One-sentence summary: Quantization is using fewer bits to store weight values---it compresses a 14 GB fp16 7B model to 3.5 GB at int4, lets it fit on a laptop, and often makes it faster because memory bandwidth is the real bottleneck.

Chapter 27 overview: model quantization — comparing GPTQ and AWQ on the GPU side with GGUF on the CPU side, showing how int8/int4 weight compression cuts memory by 2–4× and often speeds up inference because memory bandwidth dominates

27.1 Why Quantize?

27.1.1 The memory arithmetic

Let us start with cold numbers.

LLaMA-7B memory requirements by precision:

Precision	Bytes per weight	7B model size
FP32	4 bytes	28 GB
FP16 / BF16	2 bytes	14 GB
INT8	1 byte	7 GB
INT4	0.5 bytes	3.5 GB

From 28 GB to 3.5 GB is an 8x compression ratio.

Scaling to larger models:

Model	FP16 size	INT4 size	Compression
LLaMA-7B	14 GB	3.5 GB	4x
LLaMA-13B	26 GB	6.5 GB	4x
LLaMA-70B	140 GB	35 GB	4x
Mixtral-8x7B	~90 GB	~22 GB	4x

An RTX 4090 has 24 GB of VRAM. In fp16, it cannot hold the 13B model. In int4, it can hold the 70B model with CPU offloading enabled.
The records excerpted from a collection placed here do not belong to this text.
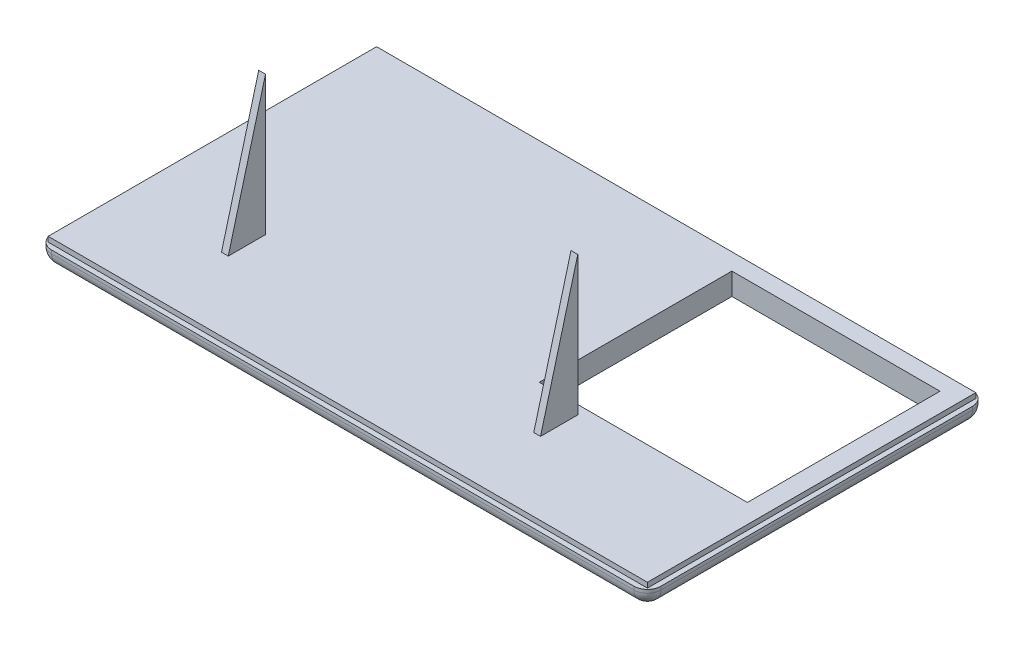
ISO-10303-21;
HEADER;
FILE_DESCRIPTION(('STEP AP214'),'2;1');
FILE_NAME('part.step','',(''),(''),'','','');
FILE_SCHEMA(('AUTOMOTIVE_DESIGN { 1 0 10303 214 1 1 1 1 }'));
ENDSEC;
DATA;
#1=APPLICATION_CONTEXT('core data for automotive mechanical design processes');
#2=APPLICATION_PROTOCOL_DEFINITION('international standard','automotive_design',2000,#1);
#3=PRODUCT_CONTEXT('',#1,'mechanical');
#4=PRODUCT('Part','Part','',(#3));
#5=PRODUCT_RELATED_PRODUCT_CATEGORY('part','',(#4));
#6=PRODUCT_DEFINITION_FORMATION('','',#4);
#7=PRODUCT_DEFINITION_CONTEXT('part definition',#1,'design');
#8=PRODUCT_DEFINITION('design','',#6,#7);
#9=PRODUCT_DEFINITION_SHAPE('','',#8);
#10=(LENGTH_UNIT() NAMED_UNIT(*) SI_UNIT(.MILLI.,.METRE.));
#11=(NAMED_UNIT(*) PLANE_ANGLE_UNIT() SI_UNIT($,.RADIAN.));
#12=(NAMED_UNIT(*) SI_UNIT($,.STERADIAN.) SOLID_ANGLE_UNIT());
#13=UNCERTAINTY_MEASURE_WITH_UNIT(LENGTH_MEASURE(1.E-05),#10,'distance_accuracy_value','');
#14=(GEOMETRIC_REPRESENTATION_CONTEXT(3) GLOBAL_UNCERTAINTY_ASSIGNED_CONTEXT((#13)) GLOBAL_UNIT_ASSIGNED_CONTEXT((#10,
#11,#12)) REPRESENTATION_CONTEXT('',''));
#15=CARTESIAN_POINT('',(0.,0.,0.));
#16=DIRECTION('',(0.,0.,1.));
#17=DIRECTION('',(1.,0.,0.));
#18=AXIS2_PLACEMENT_3D('',#15,#16,#17);
#19=CARTESIAN_POINT('',(-47.3378175730279,61.5,37.4277611940298));
#20=DIRECTION('',(-1.,0.,0.));
#21=DIRECTION('',(0.,0.,1.));
#22=AXIS2_PLACEMENT_3D('',#19,#20,#21);
#23=PLANE('',#22);
#24=DIRECTION('',(0.,0.,-1.));
#25=VECTOR('',#24,1.);
#26=CARTESIAN_POINT('',(-47.3378175730279,6.5,37.4277611940298));
#27=LINE('',#26,#25);
#28=CARTESIAN_POINT('',(-47.3378175730277,6.5,37.4277611940298));
#29=VERTEX_POINT('',#28);
#30=CARTESIAN_POINT('',(-47.3378175730279,6.5,26.4277611940298));
#31=VERTEX_POINT('',#30);
#32=EDGE_CURVE('E246',#29,#31,#27,.T.);
#33=ORIENTED_EDGE('',*,*,#32,.F.);
#34=DIRECTION('',(0.,0.965925826289069,-0.258819045102518));
#35=VECTOR('',#34,1.);
#36=CARTESIAN_POINT('',(-47.3378175730279,57.8156986040721,23.67776119403));
#37=LINE('',#36,#35);
#38=CARTESIAN_POINT('',(-47.3378175730279,47.5525588832581,26.4277611940298));
#39=VERTEX_POINT('',#38);
#40=EDGE_CURVE('E231',#29,#39,#37,.T.);
#41=ORIENTED_EDGE('',*,*,#40,.T.);
#42=DIRECTION('',(0.,-1.,0.));
#43=VECTOR('',#42,1.);
#44=CARTESIAN_POINT('',(-47.3378175730279,61.5,26.4277611940298));
#45=LINE('',#44,#43);
#46=EDGE_CURVE('E261',#39,#31,#45,.T.);
#47=ORIENTED_EDGE('',*,*,#46,.T.);
#48=EDGE_LOOP('',(#33,#41,#47));
#49=FACE_BOUND('',#48,.T.);
#50=ADVANCED_FACE('F41',(#49),#23,.T.);
#51=CARTESIAN_POINT('',(-45.3378175730279,61.5,37.4277611940298));
#52=DIRECTION('',(-1.,0.,0.));
#53=DIRECTION('',(0.,0.,1.));
#54=AXIS2_PLACEMENT_3D('',#51,#52,#53);
#55=PLANE('',#54);
#56=DIRECTION('',(0.,0.965925826289069,-0.258819045102518));
#57=VECTOR('',#56,1.);
#58=CARTESIAN_POINT('',(-45.3378175730279,57.8156986040721,23.67776119403));
#59=LINE('',#58,#57);
#60=CARTESIAN_POINT('',(-45.3378175730277,6.5,37.4277611940298));
#61=VERTEX_POINT('',#60);
#62=CARTESIAN_POINT('',(-45.3378175730279,47.5525588832581,26.4277611940298));
#63=VERTEX_POINT('',#62);
#64=EDGE_CURVE('E59',#61,#63,#59,.T.);
#65=ORIENTED_EDGE('',*,*,#64,.F.);
#66=DIRECTION('',(0.,0.,-1.));
#67=VECTOR('',#66,1.);
#68=CARTESIAN_POINT('',(-45.3378175730279,6.5,37.4277611940298));
#69=LINE('',#68,#67);
#70=CARTESIAN_POINT('',(-45.3378175730279,6.5,26.4277611940298));
#71=VERTEX_POINT('',#70);
#72=EDGE_CURVE('E254',#61,#71,#69,.T.);
#73=ORIENTED_EDGE('',*,*,#72,.T.);
#74=DIRECTION('',(0.,-1.,0.));
#75=VECTOR('',#74,1.);
#76=CARTESIAN_POINT('',(-45.3378175730279,61.5,26.4277611940298));
#77=LINE('',#76,#75);
#78=EDGE_CURVE('E262',#63,#71,#77,.T.);
#79=ORIENTED_EDGE('',*,*,#78,.F.);
#80=EDGE_LOOP('',(#65,#73,#79));
#81=FACE_BOUND('',#80,.T.);
#82=ADVANCED_FACE('F543',(#81),#55,.F.);
#83=CARTESIAN_POINT('',(-47.3378175730279,61.5,26.4277611940298));
#84=DIRECTION('',(0.,0.,-1.));
#85=DIRECTION('',(-1.,0.,0.));
#86=AXIS2_PLACEMENT_3D('',#83,#84,#85);
#87=PLANE('',#86);
#88=ORIENTED_EDGE('',*,*,#46,.F.);
#89=DIRECTION('',(1.,0.,0.));
#90=VECTOR('',#89,1.);
#91=CARTESIAN_POINT('',(-47.3378175730279,47.5525588832581,26.4277611940298));
#92=LINE('',#91,#90);
#93=EDGE_CURVE('E224',#39,#63,#92,.T.);
#94=ORIENTED_EDGE('',*,*,#93,.T.);
#95=ORIENTED_EDGE('',*,*,#78,.T.);
#96=DIRECTION('',(1.,0.,0.));
#97=VECTOR('',#96,1.);
#98=CARTESIAN_POINT('',(-47.3378175730279,6.5,26.4277611940298));
#99=LINE('',#98,#97);
#100=EDGE_CURVE('E250',#31,#71,#99,.T.);
#101=ORIENTED_EDGE('',*,*,#100,.F.);
#102=EDGE_LOOP('',(#88,#94,#95,#101));
#103=FACE_BOUND('',#102,.T.);
#104=ADVANCED_FACE('F550',(#103),#87,.T.);
#105=CARTESIAN_POINT('',(46.899277235528,61.5,37.4277611940298));
#106=DIRECTION('',(-1.,0.,0.));
#107=DIRECTION('',(0.,0.,1.));
#108=AXIS2_PLACEMENT_3D('',#105,#106,#107);
#109=PLANE('',#108);
#110=DIRECTION('',(0.,0.965925826289069,-0.258819045102518));
#111=VECTOR('',#110,1.);
#112=CARTESIAN_POINT('',(46.899277235528,57.8156986040721,23.67776119403));
#113=LINE('',#112,#111);
#114=CARTESIAN_POINT('',(46.8992772355281,6.5,37.4277611940298));
#115=VERTEX_POINT('',#114);
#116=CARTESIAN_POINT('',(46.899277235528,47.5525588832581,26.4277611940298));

27.1.2 Quantization also speeds up inference

The memory size reduction is not just about fitting the model. It also speeds up generation because LLM inference is memory-bandwidth bound, not compute-bound.

Each forward pass reads the weight matrices from VRAM, applies them, and discards the intermediate activations. The GPU's matrix units are fast---the bottleneck is how fast they can stream weights from memory. Smaller weights = faster streaming.

Measured on LLaMA-7B with an RTX 3090:

Precision	VRAM usage	Generation speed (tokens/s)
FP16	14 GB	25
INT8	7 GB	35
INT4	4 GB	45

INT4 is 80% faster than FP16 while using 70% less VRAM. Both benefits come from the same root cause: smaller representation.

27.1.3 The cost: precision loss

Quantization approximates weights. The approximation introduces error:

Original: 0.12345678 (FP32, ~7 significant decimal digits)
INT4 quantized: might be 0.125 (2-3 significant digits)

The error accumulates across layers. In practice, modern quantization methods keep the degradation small enough to be undetectable on most tasks---but not on all tasks, and not at all precision levels. Always evaluate on your actual workload.

27.2 Quantization Fundamentals

27.2.1 What quantization does

Quantization maps a continuous floating-point range to a set of discrete integer values.

Original FP16 weights:  -0.5,  0.0,  0.25, 0.5,  0.75, 1.0, ...
INT4 quantized:           -8,    0,     2,   4,     6,   7, ...

INT4 has only 16 possible values. FP16 has 65,536. You lose representational resolution in exchange for size.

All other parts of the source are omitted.